TASK INSTRUCTIONS. Quote the data exactly, first line to the line containing "with Locations((0, 0, -(F_3_32_0_09375_DIAMETER_HOLE1_DEPTH", with no pictures.

[Items from a data source]
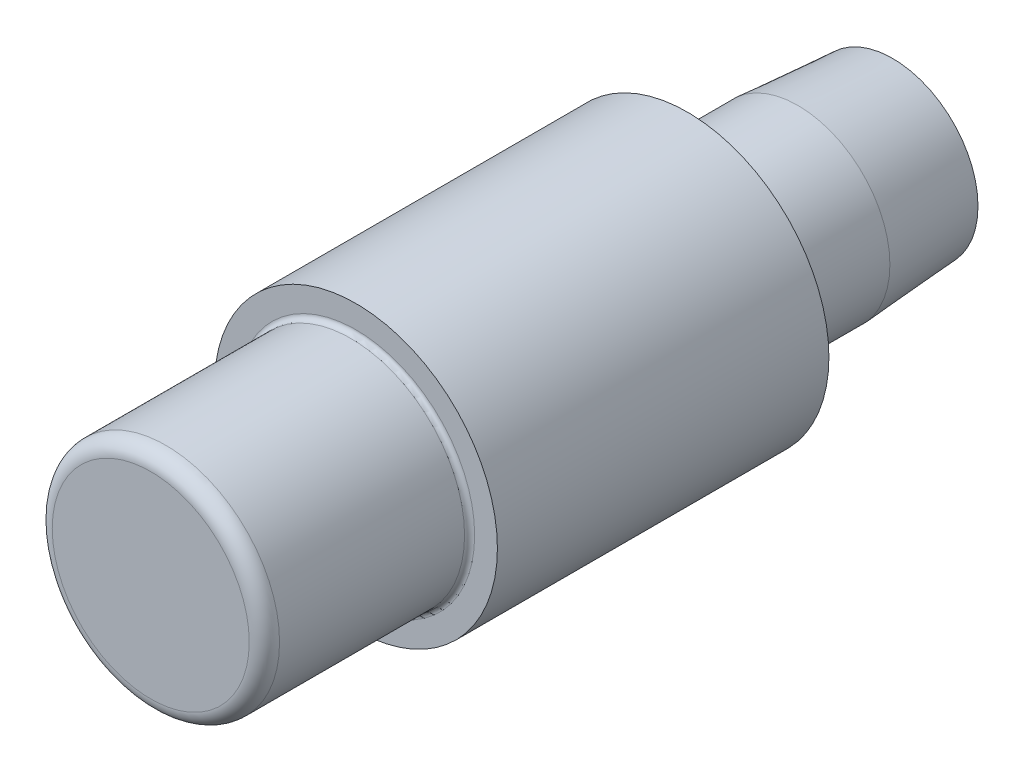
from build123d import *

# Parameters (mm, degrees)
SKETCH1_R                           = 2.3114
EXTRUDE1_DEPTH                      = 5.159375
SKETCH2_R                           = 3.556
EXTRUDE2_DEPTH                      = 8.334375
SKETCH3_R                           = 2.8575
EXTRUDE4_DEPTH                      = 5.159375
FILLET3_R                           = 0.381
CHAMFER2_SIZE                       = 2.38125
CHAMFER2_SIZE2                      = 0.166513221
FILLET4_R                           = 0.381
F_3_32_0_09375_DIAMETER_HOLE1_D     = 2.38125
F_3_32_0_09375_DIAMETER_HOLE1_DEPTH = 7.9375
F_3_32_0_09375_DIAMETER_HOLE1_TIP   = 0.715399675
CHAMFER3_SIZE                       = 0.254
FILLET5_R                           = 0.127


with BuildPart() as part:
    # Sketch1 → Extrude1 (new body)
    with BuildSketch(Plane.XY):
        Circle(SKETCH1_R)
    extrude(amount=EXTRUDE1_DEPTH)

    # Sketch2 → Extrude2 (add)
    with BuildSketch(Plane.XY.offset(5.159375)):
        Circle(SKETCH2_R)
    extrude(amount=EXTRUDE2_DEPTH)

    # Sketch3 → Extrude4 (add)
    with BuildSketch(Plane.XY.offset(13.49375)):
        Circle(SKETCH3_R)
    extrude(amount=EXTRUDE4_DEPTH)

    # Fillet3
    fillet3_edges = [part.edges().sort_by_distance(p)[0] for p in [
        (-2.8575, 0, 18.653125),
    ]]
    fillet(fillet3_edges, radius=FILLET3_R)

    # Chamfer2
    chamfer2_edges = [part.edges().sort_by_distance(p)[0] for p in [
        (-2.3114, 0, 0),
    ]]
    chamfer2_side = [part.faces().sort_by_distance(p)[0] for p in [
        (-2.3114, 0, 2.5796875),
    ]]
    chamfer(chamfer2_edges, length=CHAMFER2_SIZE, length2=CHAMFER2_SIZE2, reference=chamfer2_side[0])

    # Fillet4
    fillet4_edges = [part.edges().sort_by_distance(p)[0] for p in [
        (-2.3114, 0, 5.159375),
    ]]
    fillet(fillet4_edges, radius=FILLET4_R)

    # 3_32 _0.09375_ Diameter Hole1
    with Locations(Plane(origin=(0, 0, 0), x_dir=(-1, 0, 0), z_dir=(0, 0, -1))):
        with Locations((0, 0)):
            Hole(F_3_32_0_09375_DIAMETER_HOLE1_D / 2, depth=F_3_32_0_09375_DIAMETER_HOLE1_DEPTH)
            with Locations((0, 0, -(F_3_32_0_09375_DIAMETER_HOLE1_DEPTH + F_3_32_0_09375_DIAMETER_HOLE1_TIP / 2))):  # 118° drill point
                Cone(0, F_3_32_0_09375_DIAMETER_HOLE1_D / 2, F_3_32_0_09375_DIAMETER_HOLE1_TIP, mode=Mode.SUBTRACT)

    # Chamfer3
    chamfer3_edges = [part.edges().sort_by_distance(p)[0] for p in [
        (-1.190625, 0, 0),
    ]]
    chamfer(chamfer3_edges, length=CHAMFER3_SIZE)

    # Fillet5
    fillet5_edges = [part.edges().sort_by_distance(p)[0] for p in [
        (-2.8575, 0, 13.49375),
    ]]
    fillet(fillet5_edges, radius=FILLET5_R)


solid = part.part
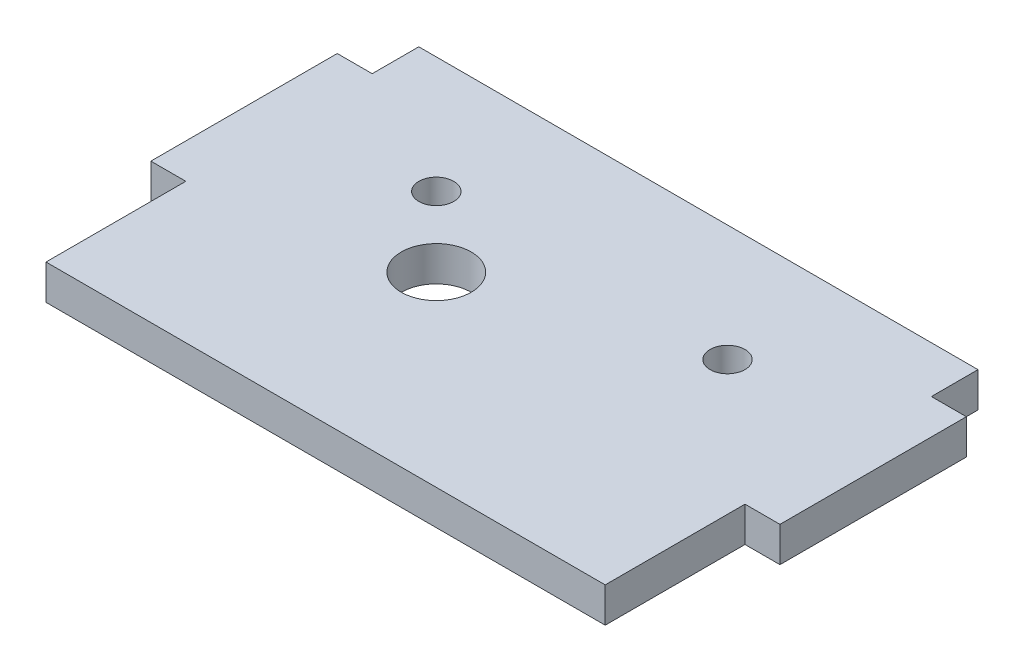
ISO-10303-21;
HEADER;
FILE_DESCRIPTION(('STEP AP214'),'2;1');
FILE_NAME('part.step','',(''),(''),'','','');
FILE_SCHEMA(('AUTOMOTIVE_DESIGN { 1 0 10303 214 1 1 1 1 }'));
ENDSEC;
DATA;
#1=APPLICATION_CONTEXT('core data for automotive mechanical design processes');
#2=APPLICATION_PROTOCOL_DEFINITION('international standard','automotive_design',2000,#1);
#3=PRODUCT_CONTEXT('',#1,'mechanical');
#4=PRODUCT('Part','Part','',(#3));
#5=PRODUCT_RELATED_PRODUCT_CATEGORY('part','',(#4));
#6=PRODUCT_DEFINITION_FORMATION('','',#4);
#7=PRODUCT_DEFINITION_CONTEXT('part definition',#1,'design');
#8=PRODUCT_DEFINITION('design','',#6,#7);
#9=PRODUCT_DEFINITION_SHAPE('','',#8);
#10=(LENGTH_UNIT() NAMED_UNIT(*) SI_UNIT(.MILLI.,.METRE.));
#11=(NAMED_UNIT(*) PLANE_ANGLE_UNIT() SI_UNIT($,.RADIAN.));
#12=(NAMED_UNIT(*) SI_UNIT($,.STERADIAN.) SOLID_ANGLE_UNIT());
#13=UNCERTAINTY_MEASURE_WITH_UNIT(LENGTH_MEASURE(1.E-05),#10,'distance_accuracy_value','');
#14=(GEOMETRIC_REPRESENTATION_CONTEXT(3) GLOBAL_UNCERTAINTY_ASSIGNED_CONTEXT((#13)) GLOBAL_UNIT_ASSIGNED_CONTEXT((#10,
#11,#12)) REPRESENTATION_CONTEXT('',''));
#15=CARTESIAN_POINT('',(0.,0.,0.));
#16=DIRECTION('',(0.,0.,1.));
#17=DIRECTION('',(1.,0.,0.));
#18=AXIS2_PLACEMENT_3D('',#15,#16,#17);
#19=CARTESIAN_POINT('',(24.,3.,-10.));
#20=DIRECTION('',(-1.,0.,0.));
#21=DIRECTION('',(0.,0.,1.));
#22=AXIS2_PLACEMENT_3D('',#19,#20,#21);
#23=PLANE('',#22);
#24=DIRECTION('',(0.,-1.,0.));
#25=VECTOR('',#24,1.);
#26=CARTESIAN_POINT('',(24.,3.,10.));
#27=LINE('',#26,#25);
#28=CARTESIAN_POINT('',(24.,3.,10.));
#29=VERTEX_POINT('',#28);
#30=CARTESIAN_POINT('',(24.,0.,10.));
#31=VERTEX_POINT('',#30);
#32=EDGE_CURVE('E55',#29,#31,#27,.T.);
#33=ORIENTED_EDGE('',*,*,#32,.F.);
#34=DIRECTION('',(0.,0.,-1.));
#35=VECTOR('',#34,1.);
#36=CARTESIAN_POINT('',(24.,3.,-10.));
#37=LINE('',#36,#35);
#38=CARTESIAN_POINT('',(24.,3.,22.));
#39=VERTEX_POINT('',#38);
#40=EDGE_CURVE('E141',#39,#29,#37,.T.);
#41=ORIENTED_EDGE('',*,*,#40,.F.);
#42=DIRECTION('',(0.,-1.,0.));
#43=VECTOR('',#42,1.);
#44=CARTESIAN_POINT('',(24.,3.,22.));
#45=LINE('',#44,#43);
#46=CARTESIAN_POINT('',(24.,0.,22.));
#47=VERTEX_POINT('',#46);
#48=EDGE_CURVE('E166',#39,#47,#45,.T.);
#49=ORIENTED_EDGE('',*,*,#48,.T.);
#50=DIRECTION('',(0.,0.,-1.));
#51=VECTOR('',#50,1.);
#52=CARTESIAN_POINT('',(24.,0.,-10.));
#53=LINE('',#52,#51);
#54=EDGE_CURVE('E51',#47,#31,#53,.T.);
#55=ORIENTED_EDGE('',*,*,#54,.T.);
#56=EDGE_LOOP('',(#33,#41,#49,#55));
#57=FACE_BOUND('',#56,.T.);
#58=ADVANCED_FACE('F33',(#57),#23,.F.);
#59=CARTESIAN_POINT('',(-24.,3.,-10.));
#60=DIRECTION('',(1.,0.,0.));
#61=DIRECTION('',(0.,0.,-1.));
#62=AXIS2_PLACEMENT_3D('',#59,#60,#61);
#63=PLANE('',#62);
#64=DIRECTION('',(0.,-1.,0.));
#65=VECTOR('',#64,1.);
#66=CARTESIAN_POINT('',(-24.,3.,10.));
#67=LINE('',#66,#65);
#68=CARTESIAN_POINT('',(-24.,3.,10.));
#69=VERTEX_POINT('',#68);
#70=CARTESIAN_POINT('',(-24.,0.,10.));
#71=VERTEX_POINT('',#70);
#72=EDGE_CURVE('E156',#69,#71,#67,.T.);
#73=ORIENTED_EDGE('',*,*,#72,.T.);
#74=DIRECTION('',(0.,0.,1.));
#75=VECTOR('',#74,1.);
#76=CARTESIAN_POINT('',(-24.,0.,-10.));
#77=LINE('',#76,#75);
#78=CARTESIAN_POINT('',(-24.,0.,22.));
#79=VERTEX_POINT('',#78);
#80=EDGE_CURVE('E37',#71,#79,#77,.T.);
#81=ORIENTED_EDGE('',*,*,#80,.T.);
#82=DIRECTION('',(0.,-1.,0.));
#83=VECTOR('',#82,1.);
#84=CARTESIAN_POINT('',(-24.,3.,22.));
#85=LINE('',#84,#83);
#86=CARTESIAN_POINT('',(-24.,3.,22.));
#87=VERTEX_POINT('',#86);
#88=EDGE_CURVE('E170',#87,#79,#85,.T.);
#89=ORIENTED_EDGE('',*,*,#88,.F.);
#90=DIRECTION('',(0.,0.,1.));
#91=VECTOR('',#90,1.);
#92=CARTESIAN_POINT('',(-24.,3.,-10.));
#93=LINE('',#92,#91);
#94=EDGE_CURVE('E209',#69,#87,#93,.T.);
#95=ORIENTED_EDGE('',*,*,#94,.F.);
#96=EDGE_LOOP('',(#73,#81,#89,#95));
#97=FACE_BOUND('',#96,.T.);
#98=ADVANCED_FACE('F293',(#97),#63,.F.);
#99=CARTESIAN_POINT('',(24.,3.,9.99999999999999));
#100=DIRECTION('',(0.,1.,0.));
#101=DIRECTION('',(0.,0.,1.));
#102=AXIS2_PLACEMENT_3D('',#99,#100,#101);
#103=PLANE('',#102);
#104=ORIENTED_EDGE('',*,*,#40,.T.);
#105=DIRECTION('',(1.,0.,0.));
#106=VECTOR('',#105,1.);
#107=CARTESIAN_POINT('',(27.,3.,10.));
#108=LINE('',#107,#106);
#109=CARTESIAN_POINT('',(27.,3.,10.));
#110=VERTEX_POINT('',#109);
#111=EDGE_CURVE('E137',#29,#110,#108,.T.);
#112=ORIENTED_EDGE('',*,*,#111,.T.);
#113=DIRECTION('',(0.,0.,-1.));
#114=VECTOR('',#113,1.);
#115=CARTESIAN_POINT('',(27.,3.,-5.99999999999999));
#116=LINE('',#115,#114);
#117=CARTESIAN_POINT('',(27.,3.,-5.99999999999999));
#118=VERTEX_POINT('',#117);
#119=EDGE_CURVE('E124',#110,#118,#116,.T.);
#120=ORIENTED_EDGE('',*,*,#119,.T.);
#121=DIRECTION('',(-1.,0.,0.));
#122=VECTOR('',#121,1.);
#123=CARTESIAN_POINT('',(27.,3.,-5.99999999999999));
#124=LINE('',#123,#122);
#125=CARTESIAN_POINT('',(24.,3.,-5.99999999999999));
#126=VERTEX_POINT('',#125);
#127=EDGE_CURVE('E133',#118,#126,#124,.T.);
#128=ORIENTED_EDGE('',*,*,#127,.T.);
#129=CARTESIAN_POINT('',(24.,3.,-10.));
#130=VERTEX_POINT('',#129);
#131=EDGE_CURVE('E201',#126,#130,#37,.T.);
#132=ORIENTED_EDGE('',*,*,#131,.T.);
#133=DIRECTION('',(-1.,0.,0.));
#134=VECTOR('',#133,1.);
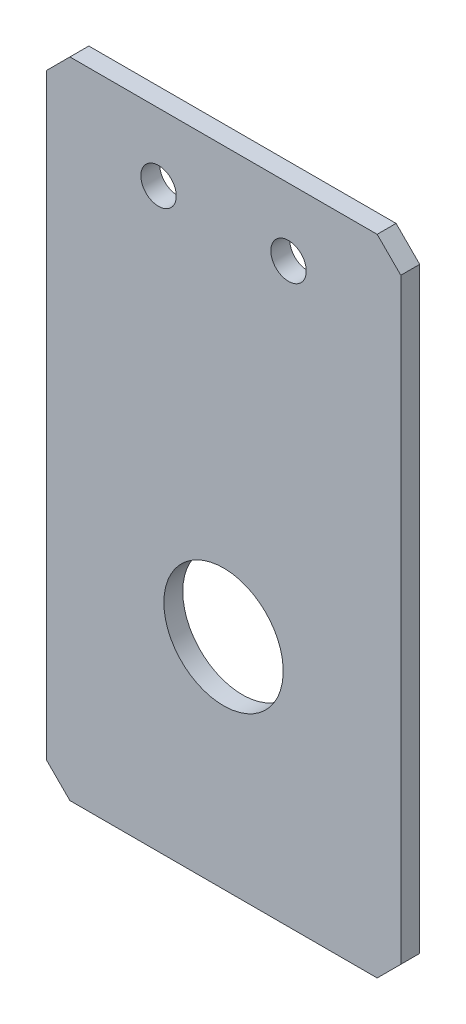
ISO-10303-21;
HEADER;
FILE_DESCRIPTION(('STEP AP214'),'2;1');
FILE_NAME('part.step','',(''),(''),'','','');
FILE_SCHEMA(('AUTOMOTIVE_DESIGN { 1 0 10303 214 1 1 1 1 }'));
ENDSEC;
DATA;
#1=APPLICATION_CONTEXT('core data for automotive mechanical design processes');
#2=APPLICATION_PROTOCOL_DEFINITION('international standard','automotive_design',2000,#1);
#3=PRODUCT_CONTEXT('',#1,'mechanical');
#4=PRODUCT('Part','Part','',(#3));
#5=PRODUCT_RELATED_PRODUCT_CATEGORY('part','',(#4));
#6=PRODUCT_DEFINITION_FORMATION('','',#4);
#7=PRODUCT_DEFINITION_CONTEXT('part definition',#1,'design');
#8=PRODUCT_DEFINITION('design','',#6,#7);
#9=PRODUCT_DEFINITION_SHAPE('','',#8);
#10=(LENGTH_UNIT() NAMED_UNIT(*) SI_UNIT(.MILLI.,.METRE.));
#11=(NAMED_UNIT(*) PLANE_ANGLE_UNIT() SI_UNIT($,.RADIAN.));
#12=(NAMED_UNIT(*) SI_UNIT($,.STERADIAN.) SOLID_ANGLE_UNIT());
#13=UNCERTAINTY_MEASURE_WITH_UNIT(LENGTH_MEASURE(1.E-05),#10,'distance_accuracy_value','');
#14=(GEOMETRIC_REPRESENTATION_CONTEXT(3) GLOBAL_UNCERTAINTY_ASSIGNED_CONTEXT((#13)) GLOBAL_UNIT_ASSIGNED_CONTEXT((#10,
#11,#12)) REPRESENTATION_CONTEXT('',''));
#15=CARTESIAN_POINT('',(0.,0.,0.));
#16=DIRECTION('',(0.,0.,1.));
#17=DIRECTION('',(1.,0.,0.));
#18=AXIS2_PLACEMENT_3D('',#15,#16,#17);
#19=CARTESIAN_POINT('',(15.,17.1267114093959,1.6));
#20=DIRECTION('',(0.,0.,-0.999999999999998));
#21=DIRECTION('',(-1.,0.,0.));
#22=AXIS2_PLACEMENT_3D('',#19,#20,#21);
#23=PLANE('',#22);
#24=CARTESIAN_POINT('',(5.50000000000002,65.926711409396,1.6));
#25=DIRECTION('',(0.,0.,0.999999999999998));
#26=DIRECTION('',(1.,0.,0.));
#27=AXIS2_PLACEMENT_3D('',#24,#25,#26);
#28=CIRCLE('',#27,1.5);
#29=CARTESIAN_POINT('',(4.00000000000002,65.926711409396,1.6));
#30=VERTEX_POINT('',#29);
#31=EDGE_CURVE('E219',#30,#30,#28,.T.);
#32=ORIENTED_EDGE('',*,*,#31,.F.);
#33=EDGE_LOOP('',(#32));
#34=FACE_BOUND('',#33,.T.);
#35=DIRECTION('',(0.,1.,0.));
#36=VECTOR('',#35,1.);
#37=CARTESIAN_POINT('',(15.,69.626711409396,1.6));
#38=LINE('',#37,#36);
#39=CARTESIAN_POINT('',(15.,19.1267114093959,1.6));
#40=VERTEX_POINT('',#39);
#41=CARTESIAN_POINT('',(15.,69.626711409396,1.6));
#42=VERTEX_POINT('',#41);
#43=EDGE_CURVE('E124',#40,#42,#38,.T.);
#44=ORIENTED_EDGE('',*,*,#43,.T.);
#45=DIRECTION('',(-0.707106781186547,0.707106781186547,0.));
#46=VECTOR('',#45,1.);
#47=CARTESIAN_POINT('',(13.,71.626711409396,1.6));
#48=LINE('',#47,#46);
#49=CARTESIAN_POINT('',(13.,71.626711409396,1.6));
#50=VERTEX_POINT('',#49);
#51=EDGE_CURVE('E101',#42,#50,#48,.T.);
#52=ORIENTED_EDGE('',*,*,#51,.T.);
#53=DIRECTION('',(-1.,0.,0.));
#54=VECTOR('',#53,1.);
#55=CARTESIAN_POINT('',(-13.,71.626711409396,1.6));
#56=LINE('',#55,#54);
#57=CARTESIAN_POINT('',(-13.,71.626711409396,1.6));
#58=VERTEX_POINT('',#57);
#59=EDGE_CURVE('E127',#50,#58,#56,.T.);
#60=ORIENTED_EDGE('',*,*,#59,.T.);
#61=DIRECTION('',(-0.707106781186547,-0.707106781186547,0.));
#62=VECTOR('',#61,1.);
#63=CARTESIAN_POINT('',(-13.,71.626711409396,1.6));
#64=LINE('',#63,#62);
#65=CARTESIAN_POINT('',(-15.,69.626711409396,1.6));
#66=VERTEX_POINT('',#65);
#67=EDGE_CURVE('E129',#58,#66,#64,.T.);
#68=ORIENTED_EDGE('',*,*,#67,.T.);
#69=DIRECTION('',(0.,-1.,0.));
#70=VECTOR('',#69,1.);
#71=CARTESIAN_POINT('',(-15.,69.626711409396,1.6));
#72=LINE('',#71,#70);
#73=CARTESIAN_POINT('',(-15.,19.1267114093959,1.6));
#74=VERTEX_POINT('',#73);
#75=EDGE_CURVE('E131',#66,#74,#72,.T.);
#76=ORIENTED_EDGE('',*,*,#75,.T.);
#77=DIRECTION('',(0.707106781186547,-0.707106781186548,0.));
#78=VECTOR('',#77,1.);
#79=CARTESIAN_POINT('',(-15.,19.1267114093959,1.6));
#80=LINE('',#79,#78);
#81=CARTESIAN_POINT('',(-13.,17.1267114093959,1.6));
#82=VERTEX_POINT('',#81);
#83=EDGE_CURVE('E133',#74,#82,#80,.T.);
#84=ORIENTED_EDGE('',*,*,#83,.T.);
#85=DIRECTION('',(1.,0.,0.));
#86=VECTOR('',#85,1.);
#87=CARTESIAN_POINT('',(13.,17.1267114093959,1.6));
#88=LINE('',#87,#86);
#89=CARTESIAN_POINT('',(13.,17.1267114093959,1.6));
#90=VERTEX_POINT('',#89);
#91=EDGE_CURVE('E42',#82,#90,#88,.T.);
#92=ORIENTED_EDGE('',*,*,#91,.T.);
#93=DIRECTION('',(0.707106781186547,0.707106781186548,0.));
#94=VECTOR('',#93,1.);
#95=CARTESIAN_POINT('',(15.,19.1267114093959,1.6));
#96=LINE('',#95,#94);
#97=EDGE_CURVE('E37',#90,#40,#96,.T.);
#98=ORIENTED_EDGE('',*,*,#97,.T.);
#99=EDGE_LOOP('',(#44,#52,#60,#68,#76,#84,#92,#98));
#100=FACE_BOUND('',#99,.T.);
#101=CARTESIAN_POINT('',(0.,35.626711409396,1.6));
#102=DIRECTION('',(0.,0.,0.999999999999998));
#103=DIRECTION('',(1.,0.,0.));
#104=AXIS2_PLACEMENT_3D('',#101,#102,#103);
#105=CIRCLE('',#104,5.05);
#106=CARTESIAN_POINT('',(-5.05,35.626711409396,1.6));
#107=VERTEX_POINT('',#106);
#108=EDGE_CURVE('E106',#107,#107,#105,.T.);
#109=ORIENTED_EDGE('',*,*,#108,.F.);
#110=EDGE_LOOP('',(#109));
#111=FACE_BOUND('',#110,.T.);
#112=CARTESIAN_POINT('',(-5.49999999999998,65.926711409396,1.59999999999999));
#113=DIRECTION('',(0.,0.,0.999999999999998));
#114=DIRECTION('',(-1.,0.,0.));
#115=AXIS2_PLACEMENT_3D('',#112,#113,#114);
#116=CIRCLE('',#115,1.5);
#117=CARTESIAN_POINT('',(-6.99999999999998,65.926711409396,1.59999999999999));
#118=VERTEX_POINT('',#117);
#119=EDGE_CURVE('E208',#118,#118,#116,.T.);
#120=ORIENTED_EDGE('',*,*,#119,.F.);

OUTPUT OF THE EXERCISE.
from build123d import *

# Parameters (mm, degrees)
SKETCH1_R                           = 2.3114
EXTRUDE1_DEPTH                      = 5.159375
SKETCH2_R                           = 3.556
EXTRUDE2_DEPTH                      = 8.334375
SKETCH3_R                           = 2.8575
EXTRUDE4_DEPTH                      = 5.159375
FILLET3_R                           = 0.381
CHAMFER2_SIZE                       = 2.38125
CHAMFER2_SIZE2                      = 0.166513221
FILLET4_R                           = 0.381
F_3_32_0_09375_DIAMETER_HOLE1_D     = 2.38125
F_3_32_0_09375_DIAMETER_HOLE1_DEPTH = 7.9375
F_3_32_0_09375_DIAMETER_HOLE1_TIP   = 0.715399675
CHAMFER3_SIZE                       = 0.254
FILLET5_R                           = 0.127


with BuildPart() as part:
    # Sketch1 → Extrude1 (new body)
    with BuildSketch(Plane.XY):
        Circle(SKETCH1_R)
    extrude(amount=EXTRUDE1_DEPTH)

    # Sketch2 → Extrude2 (add)
    with BuildSketch(Plane.XY.offset(5.159375)):
        Circle(SKETCH2_R)
    extrude(amount=EXTRUDE2_DEPTH)

    # Sketch3 → Extrude4 (add)
    with BuildSketch(Plane.XY.offset(13.49375)):
        Circle(SKETCH3_R)
    extrude(amount=EXTRUDE4_DEPTH)

    # Fillet3
    fillet3_edges = [part.edges().sort_by_distance(p)[0] for p in [
        (-2.8575, 0, 18.653125),
    ]]
    fillet(fillet3_edges, radius=FILLET3_R)

    # Chamfer2
    chamfer2_edges = [part.edges().sort_by_distance(p)[0] for p in [
        (-2.3114, 0, 0),
    ]]
    chamfer2_side = [part.faces().sort_by_distance(p)[0] for p in [
        (-2.3114, 0, 2.5796875),
    ]]
    chamfer(chamfer2_edges, length=CHAMFER2_SIZE, length2=CHAMFER2_SIZE2, reference=chamfer2_side[0])

    # Fillet4
    fillet4_edges = [part.edges().sort_by_distance(p)[0] for p in [
        (-2.3114, 0, 5.159375),
    ]]
    fillet(fillet4_edges, radius=FILLET4_R)

    # 3_32 _0.09375_ Diameter Hole1
    with Locations(Plane(origin=(0, 0, 0), x_dir=(-1, 0, 0), z_dir=(0, 0, -1))):
        with Locations((0, 0)):
            Hole(F_3_32_0_09375_DIAMETER_HOLE1_D / 2, depth=F_3_32_0_09375_DIAMETER_HOLE1_DEPTH)
            with Locations((0, 0, -(F_3_32_0_09375_DIAMETER_HOLE1_DEPTH + F_3_32_0_09375_DIAMETER_HOLE1_TIP / 2))):  # 118° drill point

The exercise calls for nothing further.